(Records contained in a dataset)

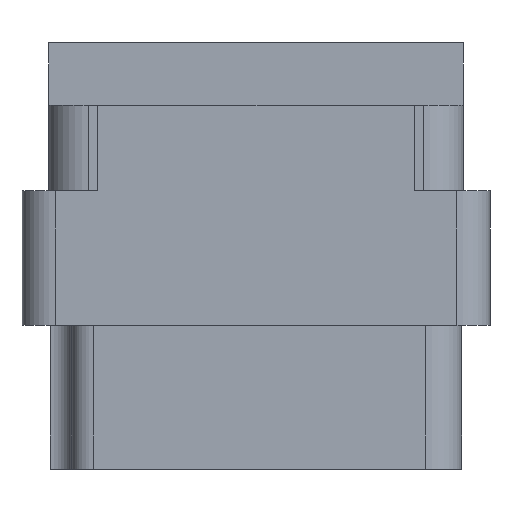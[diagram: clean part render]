
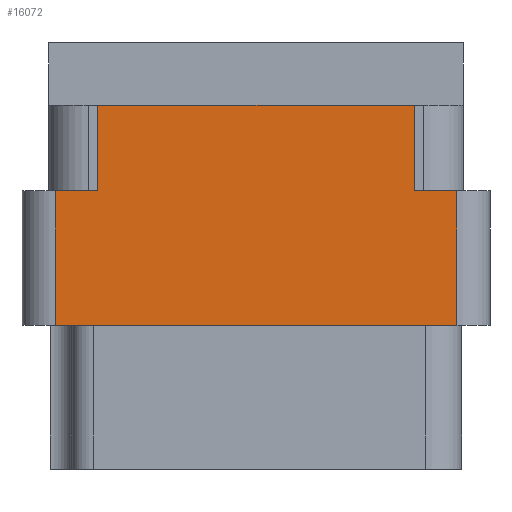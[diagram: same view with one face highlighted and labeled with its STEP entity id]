
A CAD part, left-side view. The second image highlights one B-rep face of the part: STEP entity #16072.
In plain terms, the highlighted planar face has unit normal (-1, 0, 0).
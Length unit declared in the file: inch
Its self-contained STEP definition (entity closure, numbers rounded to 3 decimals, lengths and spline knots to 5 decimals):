
#64 = LINE ( 'NONE', #7379, #15249 ) ;
#913 = EDGE_CURVE ( 'NONE', #34254, #30252, #15929, .T. ) ;
#1333 = VECTOR ( 'NONE', #11302, 39.37008 ) ;
#1719 = DIRECTION ( 'NONE',  ( 0., -1., 0. ) ) ;
#2083 = DIRECTION ( 'NONE',  ( 0., 1., 0. ) ) ;
#4457 = VECTOR ( 'NONE', #2083, 39.37008 ) ;
#4798 = CARTESIAN_POINT ( 'NONE',  ( -1.296, -0.376, -0.798 ) ) ;
#4973 = VERTEX_POINT ( 'NONE', #28431 ) ;
#5457 = DIRECTION ( 'NONE',  ( -1., 0., 0. ) ) ;
#5510 = LINE ( 'NONE', #8632, #24654 ) ;
#5648 = CARTESIAN_POINT ( 'NONE',  ( -1.296, -0.376, -0.529 ) ) ;
#5710 = DIRECTION ( 'NONE',  ( 0., 0., -1. ) ) ;
#5832 = VERTEX_POINT ( 'NONE', #13532 ) ;
#7201 = ORIENTED_EDGE ( 'NONE', *, *, #11516, .T. ) ;
#7379 = CARTESIAN_POINT ( 'NONE',  ( -1.296, 0.438, -0.117 ) ) ;
#7481 = LINE ( 'NONE', #41758, #12539 ) ;
#7993 = CARTESIAN_POINT ( 'NONE',  ( -1.296, 0.296, -0.277 ) ) ;
#8206 = EDGE_CURVE ( 'NONE', #11898, #4973, #42792, .T. ) ;
#8391 = DIRECTION ( 'NONE',  ( 0., 0., 1. ) ) ;
#8632 = CARTESIAN_POINT ( 'NONE',  ( -1.296, 0., -0.277 ) ) ;
#8797 = VERTEX_POINT ( 'NONE', #45999 ) ;
#9334 = CARTESIAN_POINT ( 'NONE',  ( -1.296, 0., -0.529 ) ) ;
#10752 = CARTESIAN_POINT ( 'NONE',  ( -1.296, -0.296, -0.117 ) ) ;
#11302 = DIRECTION ( 'NONE',  ( 0., 0., 1. ) ) ;
#11384 = ORIENTED_EDGE ( 'NONE', *, *, #8206, .F. ) ;
#11516 = EDGE_CURVE ( 'NONE', #5832, #23612, #7481, .T. ) ;
#11898 = VERTEX_POINT ( 'NONE', #5648 ) ;
#12539 = VECTOR ( 'NONE', #34638, 39.37008 ) ;
#13214 = LINE ( 'NONE', #4798, #17685 ) ;
#13532 = CARTESIAN_POINT ( 'NONE',  ( -1.296, -0.296, -0.277 ) ) ;
#14452 = DIRECTION ( 'NONE',  ( 0., -1., 0. ) ) ;
#15249 = VECTOR ( 'NONE', #14452, 39.37008 ) ;
#15929 = LINE ( 'NONE', #7993, #1333 ) ;
#16072 = ADVANCED_FACE ( 'NONE', ( #38154 ), #37872, .T. ) ;
#16564 = DIRECTION ( 'NONE',  ( 0., -1., 0. ) ) ;
#17685 = VECTOR ( 'NONE', #8391, 39.37008 ) ;
#17823 = ORIENTED_EDGE ( 'NONE', *, *, #31507, .F. ) ;
#18197 = EDGE_CURVE ( 'NONE', #8797, #34254, #5510, .T. ) ;
#20216 = ORIENTED_EDGE ( 'NONE', *, *, #38090, .T. ) ;
#20533 = ORIENTED_EDGE ( 'NONE', *, *, #913, .F. ) ;
#23612 = VERTEX_POINT ( 'NONE', #10752 ) ;
#23949 = CARTESIAN_POINT ( 'NONE',  ( -1.296, 0., -0.277 ) ) ;
#24575 = EDGE_CURVE ( 'NONE', #11898, #38735, #13214, .T. ) ;
#24654 = VECTOR ( 'NONE', #1719, 39.37008 ) ;
#24656 = CARTESIAN_POINT ( 'NONE',  ( -1.296, 0.296, -0.277 ) ) ;
#26420 = EDGE_CURVE ( 'NONE', #5832, #38735, #43523, .T. ) ;
#27003 = CARTESIAN_POINT ( 'NONE',  ( -1.296, -0.438, -0.798 ) ) ;
#27260 = CARTESIAN_POINT ( 'NONE',  ( -1.296, 0.376, -0.798 ) ) ;
#28431 = CARTESIAN_POINT ( 'NONE',  ( -1.296, 0.376, -0.529 ) ) ;
#30252 = VERTEX_POINT ( 'NONE', #33316 ) ;
#31507 = EDGE_CURVE ( 'NONE', #30252, #23612, #64, .T. ) ;
#32628 = AXIS2_PLACEMENT_3D ( 'NONE', #27003, #5457, #41038 ) ;
#32870 = ORIENTED_EDGE ( 'NONE', *, *, #24575, .T. ) ;
#33316 = CARTESIAN_POINT ( 'NONE',  ( -1.296, 0.296, -0.117 ) ) ;
#33994 = ORIENTED_EDGE ( 'NONE', *, *, #26420, .F. ) ;
#34254 = VERTEX_POINT ( 'NONE', #24656 ) ;
#34638 = DIRECTION ( 'NONE',  ( 0., 0., 1. ) ) ;
#37872 = PLANE ( 'NONE',  #32628 ) ;
#38090 = EDGE_CURVE ( 'NONE', #8797, #4973, #43817, .T. ) ;
#38154 = FACE_OUTER_BOUND ( 'NONE', #43794, .T. ) ;
#38735 = VERTEX_POINT ( 'NONE', #42663 ) ;
#40860 = ORIENTED_EDGE ( 'NONE', *, *, #18197, .F. ) ;
#41038 = DIRECTION ( 'NONE',  ( 0., 0., 1. ) ) ;
#41758 = CARTESIAN_POINT ( 'NONE',  ( -1.296, -0.296, -0.277 ) ) ;
#42149 = VECTOR ( 'NONE', #5710, 39.37008 ) ;
#42663 = CARTESIAN_POINT ( 'NONE',  ( -1.296, -0.376, -0.277 ) ) ;
#42792 = LINE ( 'NONE', #9334, #4457 ) ;
#42994 = VECTOR ( 'NONE', #16564, 39.37008 ) ;
#43523 = LINE ( 'NONE', #23949, #42994 ) ;
#43794 = EDGE_LOOP ( 'NONE', ( #40860, #20216, #11384, #32870, #33994, #7201, #17823, #20533 ) ) ;
#43817 = LINE ( 'NONE', #27260, #42149 ) ;
#45999 = CARTESIAN_POINT ( 'NONE',  ( -1.296, 0.376, -0.277 ) ) ;

- _Task to carry out_: Exact duplication is required for the lines above, from the line that contains "#31507 = EDGE_CURVE" to the line that contains "#42792 = LINE ( 'NONE', #9334, #4457 ) ;", inclusive; omit all others.

- _Written answer_:
#31507 = EDGE_CURVE ( 'NONE', #30252, #23612, #64, .T. ) ;
#32628 = AXIS2_PLACEMENT_3D ( 'NONE', #27003, #5457, #41038 ) ;
#32870 = ORIENTED_EDGE ( 'NONE', *, *, #24575, .T. ) ;
#33316 = CARTESIAN_POINT ( 'NONE',  ( -1.296, 0.296, -0.117 ) ) ;
#33994 = ORIENTED_EDGE ( 'NONE', *, *, #26420, .F. ) ;
#34254 = VERTEX_POINT ( 'NONE', #24656 ) ;
#34638 = DIRECTION ( 'NONE',  ( 0., 0., 1. ) ) ;
#37872 = PLANE ( 'NONE',  #32628 ) ;
#38090 = EDGE_CURVE ( 'NONE', #8797, #4973, #43817, .T. ) ;
#38154 = FACE_OUTER_BOUND ( 'NONE', #43794, .T. ) ;
#38735 = VERTEX_POINT ( 'NONE', #42663 ) ;
#40860 = ORIENTED_EDGE ( 'NONE', *, *, #18197, .F. ) ;
#41038 = DIRECTION ( 'NONE',  ( 0., 0., 1. ) ) ;
#41758 = CARTESIAN_POINT ( 'NONE',  ( -1.296, -0.296, -0.277 ) ) ;
#42149 = VECTOR ( 'NONE', #5710, 39.37008 ) ;
#42663 = CARTESIAN_POINT ( 'NONE',  ( -1.296, -0.376, -0.277 ) ) ;
#42792 = LINE ( 'NONE', #9334, #4457 ) ;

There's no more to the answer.